Information START

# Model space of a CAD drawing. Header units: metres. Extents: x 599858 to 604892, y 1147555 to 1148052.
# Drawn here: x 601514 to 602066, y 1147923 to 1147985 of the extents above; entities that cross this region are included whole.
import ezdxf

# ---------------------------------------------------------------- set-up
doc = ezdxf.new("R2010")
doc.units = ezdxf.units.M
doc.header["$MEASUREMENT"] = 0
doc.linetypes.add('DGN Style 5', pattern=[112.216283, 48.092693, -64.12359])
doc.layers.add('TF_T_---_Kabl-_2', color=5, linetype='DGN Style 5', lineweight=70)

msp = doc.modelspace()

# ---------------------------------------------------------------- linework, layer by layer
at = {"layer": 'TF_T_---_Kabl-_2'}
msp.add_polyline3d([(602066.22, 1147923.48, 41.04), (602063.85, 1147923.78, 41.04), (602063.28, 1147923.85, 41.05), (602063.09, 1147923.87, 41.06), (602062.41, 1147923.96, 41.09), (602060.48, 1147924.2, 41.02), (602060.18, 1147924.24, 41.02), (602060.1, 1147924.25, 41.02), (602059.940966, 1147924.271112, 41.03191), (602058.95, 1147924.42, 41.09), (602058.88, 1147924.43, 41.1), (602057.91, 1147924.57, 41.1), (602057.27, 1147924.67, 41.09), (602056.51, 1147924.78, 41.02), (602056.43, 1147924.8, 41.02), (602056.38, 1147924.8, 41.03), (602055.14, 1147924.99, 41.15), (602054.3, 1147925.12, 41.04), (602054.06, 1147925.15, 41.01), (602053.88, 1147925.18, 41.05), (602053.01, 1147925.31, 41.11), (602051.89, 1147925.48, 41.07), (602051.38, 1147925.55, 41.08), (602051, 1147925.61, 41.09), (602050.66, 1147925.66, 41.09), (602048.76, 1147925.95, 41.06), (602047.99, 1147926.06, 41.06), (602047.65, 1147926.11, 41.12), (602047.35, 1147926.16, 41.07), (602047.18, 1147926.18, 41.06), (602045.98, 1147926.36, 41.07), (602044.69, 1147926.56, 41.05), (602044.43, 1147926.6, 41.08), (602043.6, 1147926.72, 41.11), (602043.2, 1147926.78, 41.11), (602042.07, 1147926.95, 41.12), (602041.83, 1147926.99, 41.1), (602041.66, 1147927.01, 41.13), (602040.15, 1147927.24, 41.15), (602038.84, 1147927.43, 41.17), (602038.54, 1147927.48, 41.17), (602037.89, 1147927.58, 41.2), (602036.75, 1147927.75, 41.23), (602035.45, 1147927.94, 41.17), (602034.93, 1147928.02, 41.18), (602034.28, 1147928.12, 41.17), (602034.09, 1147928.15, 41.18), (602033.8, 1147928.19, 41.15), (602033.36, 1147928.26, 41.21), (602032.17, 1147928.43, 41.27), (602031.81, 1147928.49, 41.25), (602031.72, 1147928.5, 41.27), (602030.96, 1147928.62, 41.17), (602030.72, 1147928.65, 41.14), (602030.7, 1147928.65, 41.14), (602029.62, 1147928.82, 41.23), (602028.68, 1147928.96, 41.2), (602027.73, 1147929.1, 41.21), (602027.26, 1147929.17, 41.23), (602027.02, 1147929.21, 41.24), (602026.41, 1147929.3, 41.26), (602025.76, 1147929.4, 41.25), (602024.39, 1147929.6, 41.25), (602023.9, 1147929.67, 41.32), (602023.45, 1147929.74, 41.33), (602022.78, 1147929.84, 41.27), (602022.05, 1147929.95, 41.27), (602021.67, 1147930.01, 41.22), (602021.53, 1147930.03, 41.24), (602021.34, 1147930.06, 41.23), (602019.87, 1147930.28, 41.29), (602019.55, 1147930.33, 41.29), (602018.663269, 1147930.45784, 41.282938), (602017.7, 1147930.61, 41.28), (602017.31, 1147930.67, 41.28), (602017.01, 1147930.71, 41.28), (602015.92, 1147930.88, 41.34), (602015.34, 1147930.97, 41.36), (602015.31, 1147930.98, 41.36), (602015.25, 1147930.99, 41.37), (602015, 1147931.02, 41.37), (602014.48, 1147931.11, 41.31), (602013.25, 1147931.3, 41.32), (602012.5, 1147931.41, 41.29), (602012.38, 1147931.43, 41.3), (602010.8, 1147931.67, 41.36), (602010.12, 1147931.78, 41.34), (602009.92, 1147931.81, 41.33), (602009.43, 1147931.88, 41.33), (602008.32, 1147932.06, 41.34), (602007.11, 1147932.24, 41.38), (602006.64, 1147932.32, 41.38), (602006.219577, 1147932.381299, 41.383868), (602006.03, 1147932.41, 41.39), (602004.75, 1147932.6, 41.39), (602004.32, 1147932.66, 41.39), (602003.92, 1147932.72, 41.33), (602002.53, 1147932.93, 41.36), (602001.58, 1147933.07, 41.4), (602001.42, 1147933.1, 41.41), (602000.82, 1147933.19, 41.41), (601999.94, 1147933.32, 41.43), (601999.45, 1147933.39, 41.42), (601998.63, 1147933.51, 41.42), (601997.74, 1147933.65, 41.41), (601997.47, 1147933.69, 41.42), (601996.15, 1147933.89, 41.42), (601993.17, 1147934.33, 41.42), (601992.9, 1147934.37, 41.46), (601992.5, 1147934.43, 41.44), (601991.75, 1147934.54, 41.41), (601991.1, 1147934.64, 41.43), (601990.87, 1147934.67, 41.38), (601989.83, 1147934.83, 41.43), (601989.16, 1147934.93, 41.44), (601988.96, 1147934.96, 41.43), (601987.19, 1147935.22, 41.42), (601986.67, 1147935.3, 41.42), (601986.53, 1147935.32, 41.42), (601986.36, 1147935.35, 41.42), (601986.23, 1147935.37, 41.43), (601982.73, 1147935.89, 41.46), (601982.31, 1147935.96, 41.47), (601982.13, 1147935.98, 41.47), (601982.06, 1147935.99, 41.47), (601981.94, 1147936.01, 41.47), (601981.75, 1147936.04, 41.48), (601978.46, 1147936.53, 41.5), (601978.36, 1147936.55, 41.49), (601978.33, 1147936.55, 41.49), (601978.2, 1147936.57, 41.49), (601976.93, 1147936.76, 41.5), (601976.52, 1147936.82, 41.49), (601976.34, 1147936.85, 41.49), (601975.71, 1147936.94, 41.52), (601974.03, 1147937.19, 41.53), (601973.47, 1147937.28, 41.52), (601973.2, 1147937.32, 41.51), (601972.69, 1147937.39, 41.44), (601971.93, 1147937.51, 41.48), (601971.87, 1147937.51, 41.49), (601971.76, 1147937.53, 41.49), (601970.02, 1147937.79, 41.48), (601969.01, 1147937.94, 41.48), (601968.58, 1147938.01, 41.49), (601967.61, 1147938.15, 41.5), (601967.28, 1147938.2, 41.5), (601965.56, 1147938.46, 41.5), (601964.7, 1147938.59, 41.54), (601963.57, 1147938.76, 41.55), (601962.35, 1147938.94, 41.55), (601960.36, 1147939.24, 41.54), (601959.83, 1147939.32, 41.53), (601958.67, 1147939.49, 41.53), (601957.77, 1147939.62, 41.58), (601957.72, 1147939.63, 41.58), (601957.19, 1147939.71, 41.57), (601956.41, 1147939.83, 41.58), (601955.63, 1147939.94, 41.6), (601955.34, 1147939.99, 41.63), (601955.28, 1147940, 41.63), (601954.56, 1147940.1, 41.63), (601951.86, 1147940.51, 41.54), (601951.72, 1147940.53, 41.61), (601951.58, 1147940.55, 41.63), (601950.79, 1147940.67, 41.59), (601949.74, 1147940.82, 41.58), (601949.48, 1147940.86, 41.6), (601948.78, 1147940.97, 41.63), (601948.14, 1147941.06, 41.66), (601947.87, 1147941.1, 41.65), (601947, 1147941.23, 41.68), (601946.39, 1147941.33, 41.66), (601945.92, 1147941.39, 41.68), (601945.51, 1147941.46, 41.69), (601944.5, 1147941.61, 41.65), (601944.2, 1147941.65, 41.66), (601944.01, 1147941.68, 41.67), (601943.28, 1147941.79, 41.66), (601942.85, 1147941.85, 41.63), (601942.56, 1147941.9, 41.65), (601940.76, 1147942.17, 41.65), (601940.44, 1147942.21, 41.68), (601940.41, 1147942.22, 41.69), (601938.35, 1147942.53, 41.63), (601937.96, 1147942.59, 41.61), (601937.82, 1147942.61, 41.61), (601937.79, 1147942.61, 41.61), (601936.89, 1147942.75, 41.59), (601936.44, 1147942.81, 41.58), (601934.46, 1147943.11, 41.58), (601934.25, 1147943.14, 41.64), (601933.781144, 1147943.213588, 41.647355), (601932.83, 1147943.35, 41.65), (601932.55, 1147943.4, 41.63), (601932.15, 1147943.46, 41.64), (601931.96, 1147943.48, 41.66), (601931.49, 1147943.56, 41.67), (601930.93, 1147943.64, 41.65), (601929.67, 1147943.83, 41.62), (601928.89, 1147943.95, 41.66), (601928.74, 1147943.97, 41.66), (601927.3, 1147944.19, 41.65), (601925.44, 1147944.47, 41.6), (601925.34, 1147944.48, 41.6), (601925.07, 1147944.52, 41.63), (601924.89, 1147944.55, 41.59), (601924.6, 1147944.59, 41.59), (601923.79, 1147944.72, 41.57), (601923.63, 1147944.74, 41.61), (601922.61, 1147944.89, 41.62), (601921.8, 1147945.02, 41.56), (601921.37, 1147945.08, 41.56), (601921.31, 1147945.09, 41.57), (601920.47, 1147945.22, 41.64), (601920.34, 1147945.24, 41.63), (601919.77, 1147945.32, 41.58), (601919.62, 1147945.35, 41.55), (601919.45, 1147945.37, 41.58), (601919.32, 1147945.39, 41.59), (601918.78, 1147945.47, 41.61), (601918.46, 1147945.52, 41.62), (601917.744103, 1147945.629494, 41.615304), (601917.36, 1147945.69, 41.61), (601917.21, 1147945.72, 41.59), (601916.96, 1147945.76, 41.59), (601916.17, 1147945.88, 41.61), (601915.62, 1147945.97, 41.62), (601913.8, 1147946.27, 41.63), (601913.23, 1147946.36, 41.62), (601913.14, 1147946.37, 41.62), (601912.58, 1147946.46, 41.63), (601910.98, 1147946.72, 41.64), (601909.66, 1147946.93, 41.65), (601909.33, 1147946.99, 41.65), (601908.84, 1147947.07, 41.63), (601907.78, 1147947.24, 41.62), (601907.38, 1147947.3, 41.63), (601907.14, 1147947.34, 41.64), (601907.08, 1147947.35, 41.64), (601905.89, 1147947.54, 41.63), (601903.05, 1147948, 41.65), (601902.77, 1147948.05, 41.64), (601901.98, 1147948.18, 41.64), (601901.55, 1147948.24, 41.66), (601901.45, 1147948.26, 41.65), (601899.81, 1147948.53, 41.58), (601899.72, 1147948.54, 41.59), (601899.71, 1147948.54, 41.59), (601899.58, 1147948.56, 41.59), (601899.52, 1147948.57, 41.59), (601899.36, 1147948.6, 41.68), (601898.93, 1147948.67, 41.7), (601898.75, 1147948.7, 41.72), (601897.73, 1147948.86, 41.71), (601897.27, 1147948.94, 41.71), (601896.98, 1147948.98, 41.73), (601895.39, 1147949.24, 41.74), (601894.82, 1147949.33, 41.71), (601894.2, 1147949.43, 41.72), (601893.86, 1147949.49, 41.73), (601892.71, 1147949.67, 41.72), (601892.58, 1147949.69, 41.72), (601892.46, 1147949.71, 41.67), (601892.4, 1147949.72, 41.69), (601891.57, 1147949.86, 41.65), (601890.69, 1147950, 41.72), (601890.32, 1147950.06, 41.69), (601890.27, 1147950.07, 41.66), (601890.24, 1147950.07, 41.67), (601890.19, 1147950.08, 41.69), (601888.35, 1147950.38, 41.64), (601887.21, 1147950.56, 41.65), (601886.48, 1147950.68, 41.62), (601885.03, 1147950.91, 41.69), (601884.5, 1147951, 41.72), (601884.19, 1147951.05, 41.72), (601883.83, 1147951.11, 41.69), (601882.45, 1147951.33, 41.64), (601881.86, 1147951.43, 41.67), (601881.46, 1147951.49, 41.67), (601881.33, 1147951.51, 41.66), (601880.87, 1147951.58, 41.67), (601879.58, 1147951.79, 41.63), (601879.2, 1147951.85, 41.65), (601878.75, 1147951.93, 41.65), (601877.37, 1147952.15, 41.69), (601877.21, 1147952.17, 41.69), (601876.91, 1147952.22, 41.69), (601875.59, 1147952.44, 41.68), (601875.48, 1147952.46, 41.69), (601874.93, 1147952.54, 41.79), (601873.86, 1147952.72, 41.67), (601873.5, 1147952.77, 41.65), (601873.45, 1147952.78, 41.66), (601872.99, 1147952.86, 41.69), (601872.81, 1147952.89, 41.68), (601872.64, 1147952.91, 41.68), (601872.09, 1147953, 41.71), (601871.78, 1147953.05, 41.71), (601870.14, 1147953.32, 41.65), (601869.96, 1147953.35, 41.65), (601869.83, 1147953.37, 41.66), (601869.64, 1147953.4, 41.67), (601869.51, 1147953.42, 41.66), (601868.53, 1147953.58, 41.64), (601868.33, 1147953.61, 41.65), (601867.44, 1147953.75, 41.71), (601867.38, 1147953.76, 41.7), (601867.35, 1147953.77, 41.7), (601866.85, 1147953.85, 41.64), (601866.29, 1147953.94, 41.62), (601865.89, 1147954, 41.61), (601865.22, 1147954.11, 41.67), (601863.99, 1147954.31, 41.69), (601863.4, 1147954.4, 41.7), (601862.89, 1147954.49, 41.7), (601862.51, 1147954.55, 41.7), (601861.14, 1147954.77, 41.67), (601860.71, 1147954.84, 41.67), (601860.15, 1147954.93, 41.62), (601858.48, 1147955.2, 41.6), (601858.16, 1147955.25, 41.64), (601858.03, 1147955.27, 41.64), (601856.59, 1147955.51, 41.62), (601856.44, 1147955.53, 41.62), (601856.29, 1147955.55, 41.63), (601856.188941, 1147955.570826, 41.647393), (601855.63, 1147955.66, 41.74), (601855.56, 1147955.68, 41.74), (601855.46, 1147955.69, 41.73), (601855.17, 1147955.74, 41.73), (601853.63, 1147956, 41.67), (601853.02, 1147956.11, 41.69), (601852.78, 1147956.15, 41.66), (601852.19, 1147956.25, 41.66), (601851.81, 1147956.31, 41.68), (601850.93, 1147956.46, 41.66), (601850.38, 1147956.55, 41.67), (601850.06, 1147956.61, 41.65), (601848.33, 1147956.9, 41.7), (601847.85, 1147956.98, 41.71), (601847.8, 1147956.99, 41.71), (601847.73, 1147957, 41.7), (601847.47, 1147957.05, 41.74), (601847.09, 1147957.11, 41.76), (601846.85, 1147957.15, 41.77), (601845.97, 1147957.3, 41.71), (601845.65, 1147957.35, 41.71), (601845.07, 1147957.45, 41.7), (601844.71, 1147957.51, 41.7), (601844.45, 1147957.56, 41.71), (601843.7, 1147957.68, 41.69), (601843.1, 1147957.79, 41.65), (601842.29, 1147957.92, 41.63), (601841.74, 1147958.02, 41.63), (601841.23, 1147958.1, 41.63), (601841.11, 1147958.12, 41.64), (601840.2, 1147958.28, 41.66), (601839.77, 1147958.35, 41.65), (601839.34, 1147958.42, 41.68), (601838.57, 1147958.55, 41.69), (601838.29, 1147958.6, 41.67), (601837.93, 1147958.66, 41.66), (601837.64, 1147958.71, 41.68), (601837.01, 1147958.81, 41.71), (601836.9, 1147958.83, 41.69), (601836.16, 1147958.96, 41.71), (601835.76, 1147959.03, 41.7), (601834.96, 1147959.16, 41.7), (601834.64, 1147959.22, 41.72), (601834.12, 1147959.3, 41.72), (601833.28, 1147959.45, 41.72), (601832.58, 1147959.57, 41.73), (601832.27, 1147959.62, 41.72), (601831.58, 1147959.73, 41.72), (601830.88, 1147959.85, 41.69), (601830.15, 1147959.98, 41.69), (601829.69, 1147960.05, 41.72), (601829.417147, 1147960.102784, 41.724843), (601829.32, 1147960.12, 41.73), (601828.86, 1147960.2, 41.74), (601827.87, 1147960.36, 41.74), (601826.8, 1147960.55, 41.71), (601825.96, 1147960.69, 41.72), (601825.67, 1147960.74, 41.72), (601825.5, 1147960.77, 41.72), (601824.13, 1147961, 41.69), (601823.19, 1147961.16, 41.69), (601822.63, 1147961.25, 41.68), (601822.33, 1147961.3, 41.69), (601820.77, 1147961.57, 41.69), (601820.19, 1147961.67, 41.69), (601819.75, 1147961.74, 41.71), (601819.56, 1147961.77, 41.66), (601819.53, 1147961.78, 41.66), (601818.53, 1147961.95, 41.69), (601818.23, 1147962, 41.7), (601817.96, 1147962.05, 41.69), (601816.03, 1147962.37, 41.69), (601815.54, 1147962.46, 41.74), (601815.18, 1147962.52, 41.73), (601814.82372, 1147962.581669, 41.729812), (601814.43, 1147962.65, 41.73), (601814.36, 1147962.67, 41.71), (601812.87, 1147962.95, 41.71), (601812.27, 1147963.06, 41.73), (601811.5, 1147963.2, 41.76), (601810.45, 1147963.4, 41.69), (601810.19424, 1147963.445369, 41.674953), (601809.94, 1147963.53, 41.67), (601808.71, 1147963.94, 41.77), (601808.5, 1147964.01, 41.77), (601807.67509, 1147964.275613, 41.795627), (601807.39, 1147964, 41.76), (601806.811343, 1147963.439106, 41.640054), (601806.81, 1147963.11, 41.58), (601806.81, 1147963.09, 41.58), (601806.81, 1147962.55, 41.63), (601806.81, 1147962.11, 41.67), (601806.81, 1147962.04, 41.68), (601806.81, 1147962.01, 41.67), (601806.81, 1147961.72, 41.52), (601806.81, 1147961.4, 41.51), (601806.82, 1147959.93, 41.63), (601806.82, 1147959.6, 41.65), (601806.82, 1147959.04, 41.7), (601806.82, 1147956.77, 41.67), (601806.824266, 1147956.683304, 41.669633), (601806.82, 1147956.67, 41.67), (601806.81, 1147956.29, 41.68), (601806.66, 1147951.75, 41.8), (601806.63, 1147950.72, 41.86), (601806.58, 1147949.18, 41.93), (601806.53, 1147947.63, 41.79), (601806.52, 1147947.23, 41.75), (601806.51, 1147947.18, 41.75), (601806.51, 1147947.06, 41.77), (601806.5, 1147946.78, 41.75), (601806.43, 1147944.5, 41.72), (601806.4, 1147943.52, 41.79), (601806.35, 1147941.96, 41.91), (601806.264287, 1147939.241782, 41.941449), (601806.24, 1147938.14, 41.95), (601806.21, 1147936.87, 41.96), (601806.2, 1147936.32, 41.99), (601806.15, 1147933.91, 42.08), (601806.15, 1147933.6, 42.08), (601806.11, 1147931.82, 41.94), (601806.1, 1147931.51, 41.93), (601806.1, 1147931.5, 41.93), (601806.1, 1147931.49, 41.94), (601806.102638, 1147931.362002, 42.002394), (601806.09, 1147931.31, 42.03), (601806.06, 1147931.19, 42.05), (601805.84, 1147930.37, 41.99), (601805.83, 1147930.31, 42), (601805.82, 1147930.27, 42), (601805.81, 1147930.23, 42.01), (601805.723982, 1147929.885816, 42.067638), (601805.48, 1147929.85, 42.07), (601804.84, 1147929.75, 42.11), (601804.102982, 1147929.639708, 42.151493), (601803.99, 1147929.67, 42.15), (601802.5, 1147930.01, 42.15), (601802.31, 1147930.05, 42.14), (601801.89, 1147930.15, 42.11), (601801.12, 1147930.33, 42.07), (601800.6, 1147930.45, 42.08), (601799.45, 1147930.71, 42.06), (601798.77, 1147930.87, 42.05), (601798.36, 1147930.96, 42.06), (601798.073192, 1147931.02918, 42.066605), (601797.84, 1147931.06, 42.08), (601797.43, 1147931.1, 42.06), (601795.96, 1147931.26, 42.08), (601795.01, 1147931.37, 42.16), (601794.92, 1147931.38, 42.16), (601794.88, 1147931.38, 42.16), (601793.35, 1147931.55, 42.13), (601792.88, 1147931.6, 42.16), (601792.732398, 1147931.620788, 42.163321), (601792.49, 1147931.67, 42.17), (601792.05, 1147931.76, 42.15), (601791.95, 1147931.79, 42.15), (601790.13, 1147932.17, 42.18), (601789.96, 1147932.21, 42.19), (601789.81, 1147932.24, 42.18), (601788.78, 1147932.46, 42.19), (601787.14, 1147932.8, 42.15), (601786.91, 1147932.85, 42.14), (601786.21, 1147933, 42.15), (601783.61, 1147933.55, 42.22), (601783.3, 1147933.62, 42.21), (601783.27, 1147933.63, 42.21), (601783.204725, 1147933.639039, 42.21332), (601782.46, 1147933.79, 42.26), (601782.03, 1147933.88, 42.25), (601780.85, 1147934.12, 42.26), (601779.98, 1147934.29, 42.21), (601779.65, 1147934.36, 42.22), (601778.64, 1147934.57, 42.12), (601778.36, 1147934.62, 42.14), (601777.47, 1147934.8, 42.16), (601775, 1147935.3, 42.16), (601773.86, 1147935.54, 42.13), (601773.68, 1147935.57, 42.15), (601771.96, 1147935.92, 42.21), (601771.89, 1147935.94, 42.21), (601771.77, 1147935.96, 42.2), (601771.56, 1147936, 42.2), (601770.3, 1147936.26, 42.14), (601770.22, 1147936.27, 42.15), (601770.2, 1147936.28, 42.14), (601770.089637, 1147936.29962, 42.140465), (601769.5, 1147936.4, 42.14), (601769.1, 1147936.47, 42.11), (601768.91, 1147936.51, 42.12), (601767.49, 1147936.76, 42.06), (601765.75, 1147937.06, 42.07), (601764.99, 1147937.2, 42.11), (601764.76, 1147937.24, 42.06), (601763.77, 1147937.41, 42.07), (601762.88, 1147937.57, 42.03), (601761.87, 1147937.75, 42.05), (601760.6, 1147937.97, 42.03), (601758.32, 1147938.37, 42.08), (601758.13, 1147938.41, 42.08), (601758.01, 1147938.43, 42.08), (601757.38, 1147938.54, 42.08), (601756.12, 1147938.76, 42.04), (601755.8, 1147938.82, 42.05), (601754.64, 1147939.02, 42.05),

Information END

Only the lines containing "ezdxf" are needed; pull them out of the listing.

import ezdxf
doc = ezdxf.new("R2010")
doc.units = ezdxf.units.M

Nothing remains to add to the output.